Hi, thanks for taking the time to post about Chang. We would love to do research and learn about this amazing martial artist, can you give us some web links to him ? There doesn't seem to be many of them, or there very hard to find, thank you


----------



## blackdiamondcobra

Hi, Not much out there. I have been working with him over the last several months to assemble all his material for some articles and other very interesting releases hopefully that will come out next year.  He has droves and droves of stuff in his apartment.  Its a large task. First up was to get all his certificates in order especially the 10th dan one and all the specific doju appointments and paperwork because its all there and in order with full documentation.  I am proud of him for taking this important step.  I have done research, writing and training throughout the world and always put the same hard light and questioning to anyone in front of me whoever and whatever they are and Master Chang as always produced above and beyond anything I asked of him.


----------



## Doomx2001

blackdiamondcobra said:


> Hi, Not much out there. I have been working with him over the last several months to assemble all his material for some articles and other very interesting releases hopefully that will come out next year.  He has droves and droves of stuff in his apartment.  Its a large task. First up was to get all his certificates in order especially the 10th dan one and all the specific doju appointments and paperwork because its all there and in order with full documentation.  I am proud of him for taking this important step.  I have done research, writing and training throughout the world and always put the same hard light and questioning to anyone in front of me whoever and whatever they are and Master Chang as always produced above and beyond anything I asked of him.

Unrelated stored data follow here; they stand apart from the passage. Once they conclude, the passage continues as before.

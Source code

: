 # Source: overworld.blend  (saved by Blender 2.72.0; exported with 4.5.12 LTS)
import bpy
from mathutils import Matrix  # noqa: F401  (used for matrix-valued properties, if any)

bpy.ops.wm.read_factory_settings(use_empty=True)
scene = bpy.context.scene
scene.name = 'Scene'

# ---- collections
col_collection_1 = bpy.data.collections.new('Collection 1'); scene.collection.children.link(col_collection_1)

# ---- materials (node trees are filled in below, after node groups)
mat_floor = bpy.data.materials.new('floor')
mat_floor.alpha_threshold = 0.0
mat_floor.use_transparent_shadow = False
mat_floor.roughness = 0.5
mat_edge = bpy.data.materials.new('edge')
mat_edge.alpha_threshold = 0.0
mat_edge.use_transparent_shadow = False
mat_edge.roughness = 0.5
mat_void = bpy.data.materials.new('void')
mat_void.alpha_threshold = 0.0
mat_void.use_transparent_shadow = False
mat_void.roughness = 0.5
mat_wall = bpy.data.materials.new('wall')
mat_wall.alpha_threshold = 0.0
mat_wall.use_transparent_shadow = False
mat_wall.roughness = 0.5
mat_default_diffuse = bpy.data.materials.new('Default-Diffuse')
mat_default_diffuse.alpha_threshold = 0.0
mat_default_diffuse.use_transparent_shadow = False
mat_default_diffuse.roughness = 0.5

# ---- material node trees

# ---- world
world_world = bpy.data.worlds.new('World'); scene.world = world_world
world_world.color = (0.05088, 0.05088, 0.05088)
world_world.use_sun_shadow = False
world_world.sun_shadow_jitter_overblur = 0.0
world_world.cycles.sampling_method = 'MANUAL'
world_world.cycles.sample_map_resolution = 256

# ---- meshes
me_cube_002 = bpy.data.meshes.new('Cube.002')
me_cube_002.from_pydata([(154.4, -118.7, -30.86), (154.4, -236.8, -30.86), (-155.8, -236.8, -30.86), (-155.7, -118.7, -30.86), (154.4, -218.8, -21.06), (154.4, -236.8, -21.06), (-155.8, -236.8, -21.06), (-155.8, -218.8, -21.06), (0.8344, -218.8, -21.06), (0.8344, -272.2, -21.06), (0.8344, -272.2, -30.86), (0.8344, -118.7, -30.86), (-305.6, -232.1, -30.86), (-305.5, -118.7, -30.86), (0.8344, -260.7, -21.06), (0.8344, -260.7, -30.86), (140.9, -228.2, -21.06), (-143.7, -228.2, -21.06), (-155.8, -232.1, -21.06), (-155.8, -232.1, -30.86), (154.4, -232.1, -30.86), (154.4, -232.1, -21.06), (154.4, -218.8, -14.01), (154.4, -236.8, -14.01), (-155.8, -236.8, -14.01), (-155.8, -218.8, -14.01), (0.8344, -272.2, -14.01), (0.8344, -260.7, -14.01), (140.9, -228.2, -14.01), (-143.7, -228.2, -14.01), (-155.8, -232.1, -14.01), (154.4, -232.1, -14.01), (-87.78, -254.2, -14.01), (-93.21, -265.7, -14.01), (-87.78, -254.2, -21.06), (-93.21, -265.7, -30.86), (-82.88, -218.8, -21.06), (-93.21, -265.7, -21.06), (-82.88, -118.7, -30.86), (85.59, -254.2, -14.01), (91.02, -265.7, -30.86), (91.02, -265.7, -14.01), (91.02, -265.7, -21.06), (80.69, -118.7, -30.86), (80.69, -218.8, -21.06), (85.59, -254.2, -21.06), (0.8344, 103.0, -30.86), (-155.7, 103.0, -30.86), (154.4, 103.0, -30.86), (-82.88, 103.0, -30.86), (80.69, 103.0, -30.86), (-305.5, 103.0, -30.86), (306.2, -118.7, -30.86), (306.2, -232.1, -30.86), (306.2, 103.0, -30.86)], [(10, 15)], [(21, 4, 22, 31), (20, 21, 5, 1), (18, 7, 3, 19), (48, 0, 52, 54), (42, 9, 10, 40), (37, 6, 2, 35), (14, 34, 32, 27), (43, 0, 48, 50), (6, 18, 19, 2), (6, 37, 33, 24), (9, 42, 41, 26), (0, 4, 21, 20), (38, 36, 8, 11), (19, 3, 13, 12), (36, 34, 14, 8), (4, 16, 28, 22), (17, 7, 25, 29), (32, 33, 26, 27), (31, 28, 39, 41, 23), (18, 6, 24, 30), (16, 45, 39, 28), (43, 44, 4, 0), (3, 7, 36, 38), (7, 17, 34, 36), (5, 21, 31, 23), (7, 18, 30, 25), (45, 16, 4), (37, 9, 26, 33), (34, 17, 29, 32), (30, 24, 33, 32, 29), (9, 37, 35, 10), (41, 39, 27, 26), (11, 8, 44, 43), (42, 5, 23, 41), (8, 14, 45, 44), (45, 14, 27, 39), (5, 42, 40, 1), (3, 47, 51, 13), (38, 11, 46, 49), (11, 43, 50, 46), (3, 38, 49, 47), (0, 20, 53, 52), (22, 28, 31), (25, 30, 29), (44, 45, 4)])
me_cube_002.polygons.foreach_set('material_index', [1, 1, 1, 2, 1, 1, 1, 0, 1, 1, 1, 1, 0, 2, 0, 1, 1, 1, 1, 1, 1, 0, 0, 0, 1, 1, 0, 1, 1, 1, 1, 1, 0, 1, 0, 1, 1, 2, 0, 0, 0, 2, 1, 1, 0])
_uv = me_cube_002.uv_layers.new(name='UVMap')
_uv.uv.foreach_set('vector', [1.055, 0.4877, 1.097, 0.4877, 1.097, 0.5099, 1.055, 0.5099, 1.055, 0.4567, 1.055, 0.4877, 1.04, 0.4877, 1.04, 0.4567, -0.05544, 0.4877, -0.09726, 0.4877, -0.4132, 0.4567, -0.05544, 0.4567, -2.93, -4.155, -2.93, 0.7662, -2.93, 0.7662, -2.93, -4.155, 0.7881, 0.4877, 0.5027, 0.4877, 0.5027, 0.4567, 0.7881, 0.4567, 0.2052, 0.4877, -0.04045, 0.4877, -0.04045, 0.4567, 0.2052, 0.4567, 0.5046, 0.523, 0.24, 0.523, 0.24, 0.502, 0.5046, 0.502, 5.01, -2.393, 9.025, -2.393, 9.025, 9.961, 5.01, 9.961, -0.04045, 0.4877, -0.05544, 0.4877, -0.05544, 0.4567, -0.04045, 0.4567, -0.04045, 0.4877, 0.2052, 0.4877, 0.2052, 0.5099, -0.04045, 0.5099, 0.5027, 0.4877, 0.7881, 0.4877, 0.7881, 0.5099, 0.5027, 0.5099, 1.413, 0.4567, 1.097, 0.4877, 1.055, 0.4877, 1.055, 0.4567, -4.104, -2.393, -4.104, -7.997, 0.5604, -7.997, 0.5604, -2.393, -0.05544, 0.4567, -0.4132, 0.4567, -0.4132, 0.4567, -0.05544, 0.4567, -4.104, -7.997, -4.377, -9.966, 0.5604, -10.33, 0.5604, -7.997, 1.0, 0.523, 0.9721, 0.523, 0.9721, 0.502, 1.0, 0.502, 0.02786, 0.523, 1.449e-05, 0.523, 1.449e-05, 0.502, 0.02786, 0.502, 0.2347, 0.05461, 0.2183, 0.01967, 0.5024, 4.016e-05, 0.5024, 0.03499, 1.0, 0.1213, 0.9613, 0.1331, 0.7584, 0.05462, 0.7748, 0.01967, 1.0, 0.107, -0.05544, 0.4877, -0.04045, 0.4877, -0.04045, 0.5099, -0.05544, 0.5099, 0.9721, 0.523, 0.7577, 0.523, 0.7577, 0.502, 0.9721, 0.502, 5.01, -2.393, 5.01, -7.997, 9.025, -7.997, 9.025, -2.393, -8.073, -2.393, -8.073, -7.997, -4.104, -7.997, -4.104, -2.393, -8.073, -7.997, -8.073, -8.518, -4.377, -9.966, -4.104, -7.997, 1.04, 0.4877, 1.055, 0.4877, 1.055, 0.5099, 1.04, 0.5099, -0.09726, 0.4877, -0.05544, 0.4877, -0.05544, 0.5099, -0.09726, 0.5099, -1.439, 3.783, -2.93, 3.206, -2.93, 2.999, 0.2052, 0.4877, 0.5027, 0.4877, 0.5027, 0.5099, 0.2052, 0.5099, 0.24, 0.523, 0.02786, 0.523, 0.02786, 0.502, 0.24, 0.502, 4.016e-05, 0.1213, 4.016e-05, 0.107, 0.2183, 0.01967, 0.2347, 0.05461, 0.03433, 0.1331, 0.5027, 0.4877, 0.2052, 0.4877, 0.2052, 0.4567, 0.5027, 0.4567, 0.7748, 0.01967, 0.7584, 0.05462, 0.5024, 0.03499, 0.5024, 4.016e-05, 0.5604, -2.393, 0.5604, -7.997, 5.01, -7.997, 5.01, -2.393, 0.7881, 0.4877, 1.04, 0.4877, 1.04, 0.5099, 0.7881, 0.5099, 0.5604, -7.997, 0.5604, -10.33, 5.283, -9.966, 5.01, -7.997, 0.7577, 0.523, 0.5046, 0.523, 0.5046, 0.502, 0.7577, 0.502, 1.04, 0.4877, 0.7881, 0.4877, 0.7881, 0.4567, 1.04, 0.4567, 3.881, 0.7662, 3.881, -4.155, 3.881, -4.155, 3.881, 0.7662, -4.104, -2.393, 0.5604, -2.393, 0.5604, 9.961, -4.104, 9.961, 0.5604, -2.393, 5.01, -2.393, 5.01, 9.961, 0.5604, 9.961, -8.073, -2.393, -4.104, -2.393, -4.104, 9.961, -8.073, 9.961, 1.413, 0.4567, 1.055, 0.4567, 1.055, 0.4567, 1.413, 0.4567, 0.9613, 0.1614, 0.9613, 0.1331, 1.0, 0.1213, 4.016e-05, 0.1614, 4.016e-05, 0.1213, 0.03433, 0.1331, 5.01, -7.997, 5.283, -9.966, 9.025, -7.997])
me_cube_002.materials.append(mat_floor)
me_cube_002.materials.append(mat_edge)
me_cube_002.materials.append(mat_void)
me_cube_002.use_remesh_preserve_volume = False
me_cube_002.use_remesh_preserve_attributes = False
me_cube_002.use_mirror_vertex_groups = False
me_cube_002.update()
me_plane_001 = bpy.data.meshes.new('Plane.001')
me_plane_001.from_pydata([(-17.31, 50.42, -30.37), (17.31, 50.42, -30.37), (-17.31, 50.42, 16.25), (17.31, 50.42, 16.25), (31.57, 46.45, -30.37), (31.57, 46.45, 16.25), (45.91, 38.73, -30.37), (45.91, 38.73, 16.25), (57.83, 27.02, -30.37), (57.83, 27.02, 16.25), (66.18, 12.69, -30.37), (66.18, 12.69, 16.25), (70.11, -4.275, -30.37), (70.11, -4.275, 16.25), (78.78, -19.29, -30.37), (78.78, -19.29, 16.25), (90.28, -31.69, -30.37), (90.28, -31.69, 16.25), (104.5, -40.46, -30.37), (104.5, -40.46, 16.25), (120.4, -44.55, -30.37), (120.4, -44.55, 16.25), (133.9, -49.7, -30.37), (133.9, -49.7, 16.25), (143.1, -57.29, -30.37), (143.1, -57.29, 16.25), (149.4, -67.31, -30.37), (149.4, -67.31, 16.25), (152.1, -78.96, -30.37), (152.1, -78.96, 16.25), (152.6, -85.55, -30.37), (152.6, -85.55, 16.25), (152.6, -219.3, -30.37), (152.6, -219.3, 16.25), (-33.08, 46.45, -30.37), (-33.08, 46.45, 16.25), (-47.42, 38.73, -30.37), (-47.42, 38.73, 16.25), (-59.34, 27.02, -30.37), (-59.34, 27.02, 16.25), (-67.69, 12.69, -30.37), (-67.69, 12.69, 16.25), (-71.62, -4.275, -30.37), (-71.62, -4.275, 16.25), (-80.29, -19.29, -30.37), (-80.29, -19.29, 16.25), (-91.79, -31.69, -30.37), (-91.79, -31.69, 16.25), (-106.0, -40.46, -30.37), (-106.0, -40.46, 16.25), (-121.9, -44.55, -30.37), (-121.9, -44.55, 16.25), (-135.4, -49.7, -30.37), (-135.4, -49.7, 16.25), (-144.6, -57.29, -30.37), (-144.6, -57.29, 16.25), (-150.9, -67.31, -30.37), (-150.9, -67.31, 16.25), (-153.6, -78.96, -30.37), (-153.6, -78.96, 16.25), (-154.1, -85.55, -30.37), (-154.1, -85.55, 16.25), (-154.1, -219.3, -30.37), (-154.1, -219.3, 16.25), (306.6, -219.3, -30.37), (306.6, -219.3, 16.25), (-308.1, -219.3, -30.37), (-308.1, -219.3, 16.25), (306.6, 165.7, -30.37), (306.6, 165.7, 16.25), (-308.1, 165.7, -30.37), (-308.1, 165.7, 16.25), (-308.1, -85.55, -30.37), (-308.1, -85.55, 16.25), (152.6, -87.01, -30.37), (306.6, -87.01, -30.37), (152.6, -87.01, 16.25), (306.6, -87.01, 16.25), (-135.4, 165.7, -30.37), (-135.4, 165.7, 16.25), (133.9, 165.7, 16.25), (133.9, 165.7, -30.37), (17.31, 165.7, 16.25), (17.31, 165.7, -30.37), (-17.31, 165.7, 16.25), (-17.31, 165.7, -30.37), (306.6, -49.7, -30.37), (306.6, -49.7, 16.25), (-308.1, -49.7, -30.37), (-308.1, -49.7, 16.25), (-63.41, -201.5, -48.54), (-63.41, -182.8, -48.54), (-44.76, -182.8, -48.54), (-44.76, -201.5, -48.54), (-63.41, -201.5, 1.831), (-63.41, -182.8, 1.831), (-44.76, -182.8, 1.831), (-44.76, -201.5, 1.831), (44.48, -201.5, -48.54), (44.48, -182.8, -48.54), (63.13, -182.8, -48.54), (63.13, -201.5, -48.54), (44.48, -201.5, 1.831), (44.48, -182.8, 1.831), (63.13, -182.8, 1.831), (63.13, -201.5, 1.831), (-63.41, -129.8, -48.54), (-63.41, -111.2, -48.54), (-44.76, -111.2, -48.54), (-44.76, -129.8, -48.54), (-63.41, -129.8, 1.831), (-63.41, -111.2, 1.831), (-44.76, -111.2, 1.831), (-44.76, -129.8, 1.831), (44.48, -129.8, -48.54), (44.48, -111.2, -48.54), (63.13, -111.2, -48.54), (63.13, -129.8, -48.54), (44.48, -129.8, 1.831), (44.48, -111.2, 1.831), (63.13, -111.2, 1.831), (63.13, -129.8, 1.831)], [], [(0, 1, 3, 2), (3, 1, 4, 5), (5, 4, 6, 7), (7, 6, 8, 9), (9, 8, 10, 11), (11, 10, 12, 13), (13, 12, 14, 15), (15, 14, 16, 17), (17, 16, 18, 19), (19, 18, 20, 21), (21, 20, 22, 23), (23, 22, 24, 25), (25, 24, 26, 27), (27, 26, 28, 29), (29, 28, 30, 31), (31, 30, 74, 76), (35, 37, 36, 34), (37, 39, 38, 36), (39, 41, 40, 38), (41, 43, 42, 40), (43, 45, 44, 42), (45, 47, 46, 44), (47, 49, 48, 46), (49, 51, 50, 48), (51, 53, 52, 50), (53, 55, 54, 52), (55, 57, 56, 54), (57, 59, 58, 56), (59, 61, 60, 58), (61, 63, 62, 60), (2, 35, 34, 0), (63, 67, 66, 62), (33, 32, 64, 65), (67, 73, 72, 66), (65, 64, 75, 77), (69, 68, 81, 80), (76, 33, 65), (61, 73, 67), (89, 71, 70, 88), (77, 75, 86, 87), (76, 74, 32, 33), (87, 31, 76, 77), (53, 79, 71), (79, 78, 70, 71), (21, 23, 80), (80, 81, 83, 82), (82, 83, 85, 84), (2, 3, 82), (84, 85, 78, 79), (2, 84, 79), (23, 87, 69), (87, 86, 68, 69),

Take as much pictures and video of him doing techniques as you can! Document everything!! This man is so important to Hapkido history. There are so many questions that we have, and now we have the opportunity to get answered. Keep up the good work, and let us know about your progress. 

 - Brian


----------



## iron_ox

blackdiamondcobra said:


> Hi, Not much out there. I have been working with him over the last several months to assemble all his material for some articles and other very interesting releases hopefully that will come out next year.  He has droves and droves of stuff in his apartment.  Its a large task. First up was to get all his certificates in order especially the 10th dan one and all the specific doju appointments and paperwork because its all there and in order with full documentation.  I am proud of him for taking this important step.  I have done research, writing and training throughout the world and always put the same hard light and questioning to anyone in front of me whoever and whatever they are and Master Chang as always produced above and beyond anything I asked of him.



Yea, you said the same thing three years ago, and still I don't believe he has had any contact with those that have known him for decades.  Is there a reason for that?

Additionally, not that you have any reason to lie, but it is all to convenient to make such statements and provide no information about who you are.


----------



## blackdiamondcobra

I havent been out of the country for good deal of that time and I have been working on my completing my other documentaries and writings so its been hard for me to sit down with him and help out as much as I can when I can.  I'm there to try to help the process as much as I can--nothing more.  I've been on this forum enough if you read my posts and my contacts are there. I do what I can to help when I can. You can take it or leave it question or knock it, its all fair and good.


----------



## iron_ox

blackdiamondcobra said:


> I havent been out of the country for good deal of that time and I have been working on my completing my other documentaries and writings so its been hard for me to sit down with him and help out as much as I can when I can.  I'm there to try to help the process as much as I can--nothing more.  I've been on this forum enough if you read my posts and my contacts are there. I do what I can to help when I can. You can take it or leave it question or knock it, its all fair and good.



I, like many will look with great curiosity at what is produced.  You seem to be accomplished in writing and producing martial arts documentaries, so this should be a pretty easy one.  Can you please also include information about any students of record and standing of Chang Dojunim since he has been teaching non-stop for 3 decades, there should be some, this would be very helpful in establishing a training timeline in New York.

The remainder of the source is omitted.